Please copy, exactly as written, the span from the first line below to the line that contains "import ezdxf", including both, and skip the pictures.

• [Information given]
****************

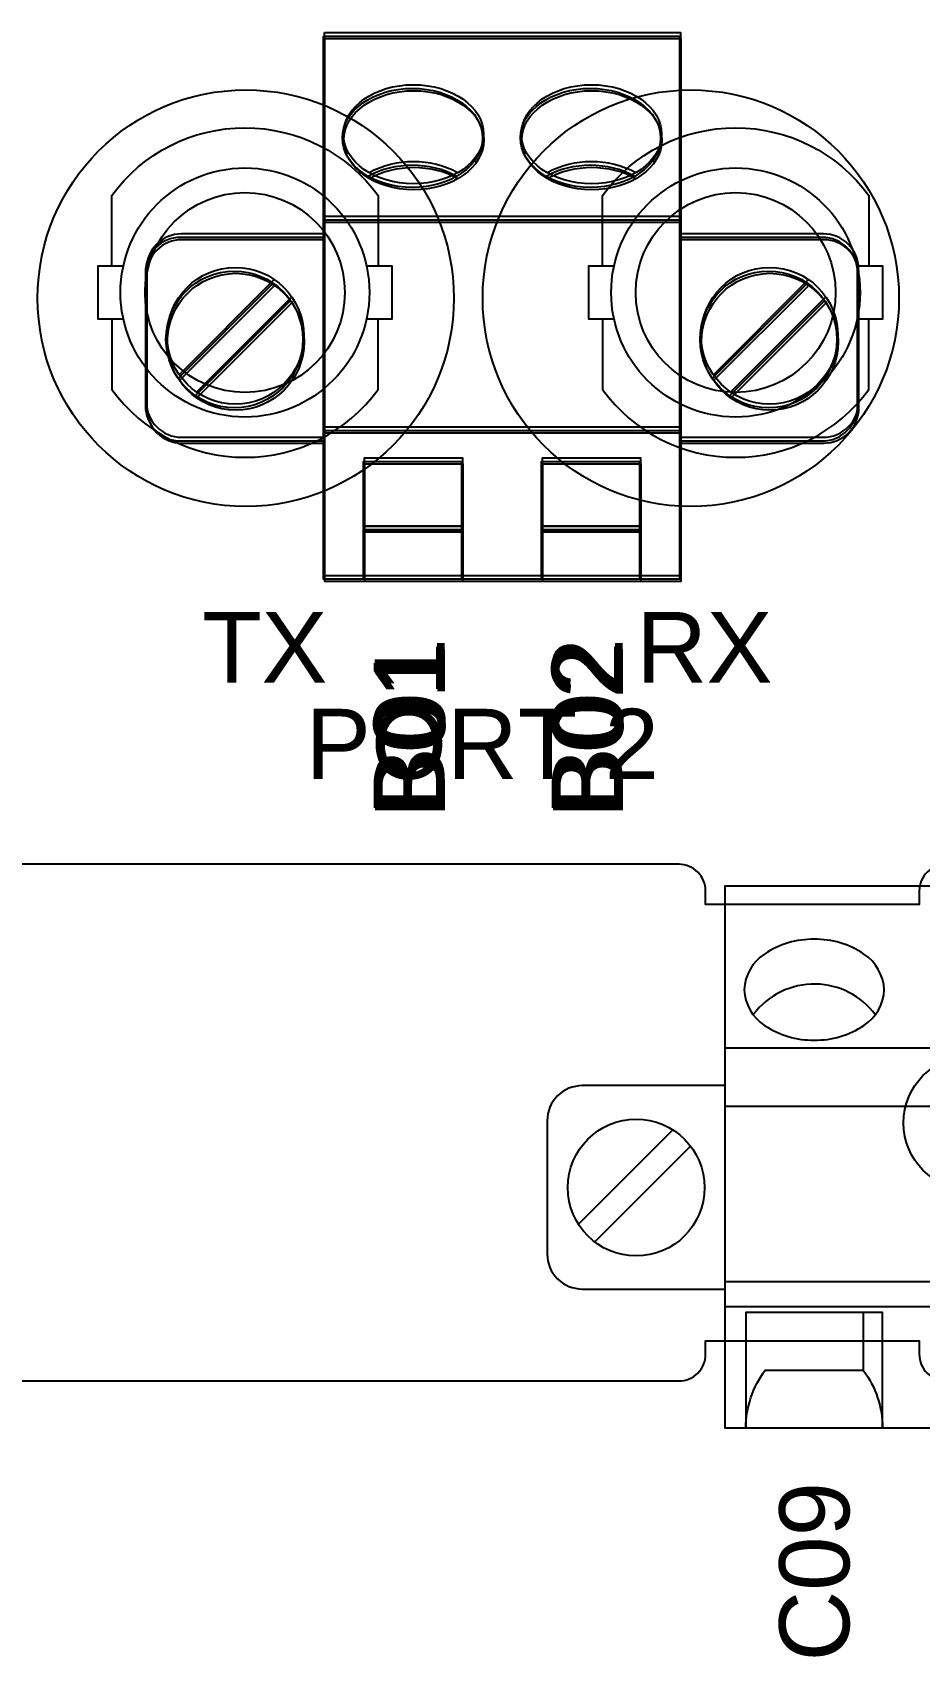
# Model space of a CAD drawing. Extents: x 1 to 47, y 1 to 35.
# Drawn here: x 41.806 to 42.803, y 13.306 to 15.129 of the extents above; entities that cross this region are included whole.
import ezdxf

# ---------------------------------------------------------------- set-up
doc = ezdxf.new("R2010")
doc.units = 0
doc.header["$MEASUREMENT"] = 0
for name, color, linetype in [('3_01__A-__NO_ETH__EIA-232_', 7, 'CONTINUOUS'), ('3_02__B-__NO_ETH__EIA-485_', 7, 'CONTINUOUS'), ('3_03__C-___1__10-100BASE-T', 7, 'CONTINUOUS'), ('3_04__D-___1__10-100BASE-T', 7, 'CONTINUOUS'), ('3_05__E-___1__100BASEFX_MM', 7, 'CONTINUOUS'), ('3_06__F-___2__10-100BASE-T', 7, 'CONTINUOUS'), ('3_07__G-___2__100BASE-FX_M', 7, 'CONTINUOUS'), ('3_08__0-__NO_ETH__EIA-232_', 7, 'CONTINUOUS'), ('3_09__1-__NO_ETH__EIA-485_', 7, 'CONTINUOUS'), ('3_10__2-___1__10-100BASE-T', 7, 'CONTINUOUS'), ('3_11__3-___1__10-100BASE-T', 7, 'CONTINUOUS'), ('3_12__4-___1__100BASEFX_MM', 7, 'CONTINUOUS'), ('3_13__6-___2__10-100BASE-T', 7, 'CONTINUOUS'), ('3_14__8-___2__100BASE-FX_M', 7, 'CONTINUOUS'), ('4_01__0-__EMPTY', 7, 'CONTINUOUS'), ('4_02__A0__SERIAL_COMMUNICA', 7, 'CONTINUOUS'), ('4_03__B-___3__DI___4__DO__', 7, 'CONTINUOUS'), ('4_04__1-___4__DI___4__DO__', 7, 'CONTINUOUS'), ('4_05__C-___4__DI___4__DO__', 7, 'CONTINUOUS'), ('4_06__D-___4__DI___3__DO__', 7, 'CONTINUOUS'), ('4_07__2A___8__FORM_A_DO', 7, 'CONTINUOUS'), ('4_08__2B___8__FORM_B_DO', 7, 'CONTINUOUS'), ('4_09__2C___8__DO__6__FORM_', 7, 'CONTINUOUS'), ('4_10__2D___8__DO__2__FORM_', 7, 'CONTINUOUS'), ('4_11__2G___8__DO__4__FORM_', 7, 'CONTINUOUS'), ('4_12__3-___8__DI', 7, 'CONTINUOUS'), ('4_13__4-___14__DI', 7, 'CONTINUOUS'), ('4_14__5-___8__AI', 7, 'CONTINUOUS'), ('4_15__6-___4__AI____4__AO', 7, 'CONTINUOUS')]:
    doc.layers.add(name, color=color, linetype=linetype)
doc.styles.add('ARIAL', font='arial.ttf')

msp = doc.modelspace()

# ---------------------------------------------------------------- linework, layer by layer
at = {"layer": '3_01__A-__NO_ETH__EIA-232_'}
msp.add_lwpolyline([(42.1344, 15.129), (42.5344, 15.129), (42.5344, 14.5191), (42.1344, 14.5191)], close=True, dxfattribs=at)
for points in [[(42.1344, 14.9228), (42.5344, 14.9228)], [(41.9713, 14.7448), (42.0781, 14.8516)], [(42.5713, 14.7448), (42.6781, 14.8516)], [(42.0976, 14.8321), (41.9907, 14.7253)], [(42.6976, 14.8321), (42.5907, 14.7253)], [(42.1344, 14.6862), (42.5344, 14.6862)], [(42.1793, 14.5191), (42.1793, 14.6515), (42.2895, 14.6515), (42.2895, 14.5191)], [(42.3793, 14.5191), (42.3793, 14.6515), (42.4895, 14.6515), (42.4895, 14.5191)], [(42.1793, 14.5748), (42.2895, 14.5748)], [(42.3793, 14.5748), (42.4895, 14.5748)]]:
    msp.add_lwpolyline(points, dxfattribs=at)
for points in [[(42.1344, 14.9029), (41.9738, 14.9029, 0.414214), (41.9344, 14.8636), (41.9344, 14.714, 0.414214), (41.9738, 14.6746), (42.1344, 14.6746)], [(42.5344, 14.6746), (42.695, 14.6746, 0.414214), (42.7344, 14.714), (42.7344, 14.8636, 0.414214), (42.695, 14.9029), (42.5344, 14.9029)]]:
    msp.add_lwpolyline(points, format="xyb", dxfattribs=at)
for centre in [(42.0344, 14.7885), (42.6344, 14.7885)]:
    msp.add_circle(centre, 0.0768, dxfattribs=at)
for centre in [(42.2344, 15.0147), (42.4344, 15.0147)]:
    msp.add_ellipse(centre, major_axis=(-0.0787, 0), ratio=0.707107, dxfattribs=at)
for centre, start_param, end_param in [((42.2344, 14.9282), 4.030399, 5.394379), ((42.4344, 14.9282), 10.313584, 11.677564)]:
    msp.add_ellipse(centre, major_axis=(-0.0787, 0), ratio=0.707107, start_param=start_param, end_param=end_param, dxfattribs=at)
at = {"layer": '3_02__B-__NO_ETH__EIA-485_'}
msp.add_lwpolyline([(42.1347, 15.1224), (42.5347, 15.1224), (42.5347, 14.5125), (42.1347, 14.5125)], close=True, dxfattribs=at)
for points in [[(42.1347, 14.9162), (42.5347, 14.9162)], [(41.9716, 14.7382), (42.0784, 14.845)], [(42.5716, 14.7382), (42.6784, 14.845)], [(42.0979, 14.8255), (41.9911, 14.7187)], [(42.6979, 14.8255), (42.5911, 14.7187)], [(42.1347, 14.6795), (42.5347, 14.6795)], [(42.1796, 14.5125), (42.1796, 14.6449), (42.2898, 14.6449), (42.2898, 14.5125)], [(42.3796, 14.5125), (42.3796, 14.6449), (42.4898, 14.6449), (42.4898, 14.5125)], [(42.2898, 14.5682), (42.1796, 14.5682)], [(42.1796, 14.5682), (42.2898, 14.5682)], [(42.4898, 14.5682), (42.3796, 14.5682)], [(42.3796, 14.5682), (42.4898, 14.5682)]]:
    msp.add_lwpolyline(points, dxfattribs=at)
for points in [[(42.1347, 14.8963), (41.9741, 14.8963, 0.414214), (41.9347, 14.8569), (41.9347, 14.7073, 0.414214), (41.9741, 14.668), (42.1347, 14.668)], [(42.5347, 14.668), (42.6954, 14.668, 0.414214), (42.7347, 14.7073), (42.7347, 14.8569, 0.414214), (42.6954, 14.8963), (42.5347, 14.8963)]]:
    msp.add_lwpolyline(points, format="xyb", dxfattribs=at)
for centre in [(42.0347, 14.7818), (42.6347, 14.7818)]:
    msp.add_circle(centre, 0.0768, dxfattribs=at)
for centre in [(42.2347, 15.008), (42.4347, 15.008)]:
    msp.add_ellipse(centre, major_axis=(-0.0787, 0), ratio=0.707107, dxfattribs=at)
for centre, start_param, end_param in [((42.2347, 14.9216), 4.030399, 5.394379), ((42.4347, 14.9216), 10.313584, 11.677564)]:
    msp.add_ellipse(centre, major_axis=(-0.0787, 0), ratio=0.707107, start_param=start_param, end_param=end_param, dxfattribs=at)
at = {"layer": '3_03__C-___1__10-100BASE-T'}
msp.add_lwpolyline([(42.1344, 15.129), (42.5344, 15.129), (42.5344, 14.5191), (42.1344, 14.5191)], close=True, dxfattribs=at)
for points in [[(42.1344, 14.9228), (42.5344, 14.9228)], [(41.9713, 14.7448), (42.0781, 14.8516)], [(42.5713, 14.7448), (42.6781, 14.8516)], [(42.0976, 14.8321), (41.9907, 14.7253)], [(42.6976, 14.8321), (42.5907, 14.7253)], [(42.1344, 14.6862), (42.5344, 14.6862)], [(42.1793, 14.5191), (42.1793, 14.6515), (42.2895, 14.6515), (42.2895, 14.5191)], [(42.3793, 14.5191), (42.3793, 14.6515), (42.4895, 14.6515), (42.4895, 14.5191)], [(42.2895, 14.5748), (42.1793, 14.5748)], [(42.1793, 14.5748), (42.2895, 14.5748)], [(42.4895, 14.5748), (42.3793, 14.5748)], [(42.3793, 14.5748), (42.4895, 14.5748)]]:
    msp.add_lwpolyline(points, dxfattribs=at)
for points in [[(42.1344, 14.9029), (41.9738, 14.9029, 0.414214), (41.9344, 14.8636), (41.9344, 14.714, 0.414214), (41.9738, 14.6746), (42.1344, 14.6746)], [(42.5344, 14.6746), (42.695, 14.6746, 0.414214), (42.7344, 14.714), (42.7344, 14.8636, 0.414214), (42.695, 14.9029), (42.5344, 14.9029)]]:
    msp.add_lwpolyline(points, format="xyb", dxfattribs=at)
for centre in [(42.0344, 14.7885), (42.6344, 14.7885)]:
    msp.add_circle(centre, 0.0768, dxfattribs=at)
for centre in [(42.2344, 15.0147), (42.4344, 15.0147)]:
    msp.add_ellipse(centre, major_axis=(-0.0787, 0), ratio=0.707107, dxfattribs=at)
for centre, start_param, end_param in [((42.2344, 14.9282), 4.030399, 5.394379), ((42.4344, 14.9282), 10.313584, 11.677564)]:
    msp.add_ellipse(centre, major_axis=(-0.0787, 0), ratio=0.707107, start_param=start_param, end_param=end_param, dxfattribs=at)
at = {"layer": '3_04__D-___1__10-100BASE-T'}
msp.add_lwpolyline([(42.1347, 15.1224), (42.5347, 15.1224), (42.5347, 14.5125), (42.1347, 14.5125)], close=True, dxfattribs=at)
for points in [[(42.1347, 14.9162), (42.5347, 14.9162)], [(41.9716, 14.7382), (42.0784, 14.845)], [(42.5716, 14.7382), (42.6784, 14.845)], [(42.0979, 14.8255), (41.9911, 14.7187)], [(42.6979, 14.8255), (42.5911, 14.7187)], [(42.1347, 14.6795), (42.5347, 14.6795)], [(42.1796, 14.5125), (42.1796, 14.6449), (42.2898, 14.6449), (42.2898, 14.5125)], [(42.3796, 14.5125), (42.3796, 14.6449), (42.4898, 14.6449), (42.4898, 14.5125)], [(42.2898, 14.5682), (42.1796, 14.5682)], [(42.1796, 14.5682), (42.2898, 14.5682)], [(42.4898, 14.5682), (42.3796, 14.5682)], [(42.3796, 14.5682), (42.4898, 14.5682)]]:
    msp.add_lwpolyline(points, dxfattribs=at)
for points in [[(42.1347, 14.8963), (41.9741, 14.8963, 0.414214), (41.9347, 14.8569), (41.9347, 14.7073, 0.414214), (41.9741, 14.668), (42.1347, 14.668)], [(42.5347, 14.668), (42.6954, 14.668, 0.414214), (42.7347, 14.7073), (42.7347, 14.8569, 0.414214), (42.6954, 14.8963), (42.5347, 14.8963)]]:
    msp.add_lwpolyline(points, format="xyb", dxfattribs=at)
for centre in [(42.0347, 14.7818), (42.6347, 14.7818)]:
    msp.add_circle(centre, 0.0768, dxfattribs=at)
for centre in [(42.2347, 15.008), (42.4347, 15.008)]:
    msp.add_ellipse(centre, major_axis=(-0.0787, 0), ratio=0.707107, dxfattribs=at)
for centre, start_param, end_param in [((42.2347, 14.9216), 4.030399, 5.394379), ((42.4347, 14.9216), 10.313584, 11.677564)]:
    msp.add_ellipse(centre, major_axis=(-0.0787, 0), ratio=0.707107, start_param=start_param, end_param=end_param, dxfattribs=at)
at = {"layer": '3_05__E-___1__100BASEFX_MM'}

****************

• [Solution to this task]
# Model space of a CAD drawing. Extents: x 1 to 47, y 1 to 35.
# Drawn here: x 41.806 to 42.803, y 13.306 to 15.129 of the extents above; entities that cross this region are included whole.
import ezdxf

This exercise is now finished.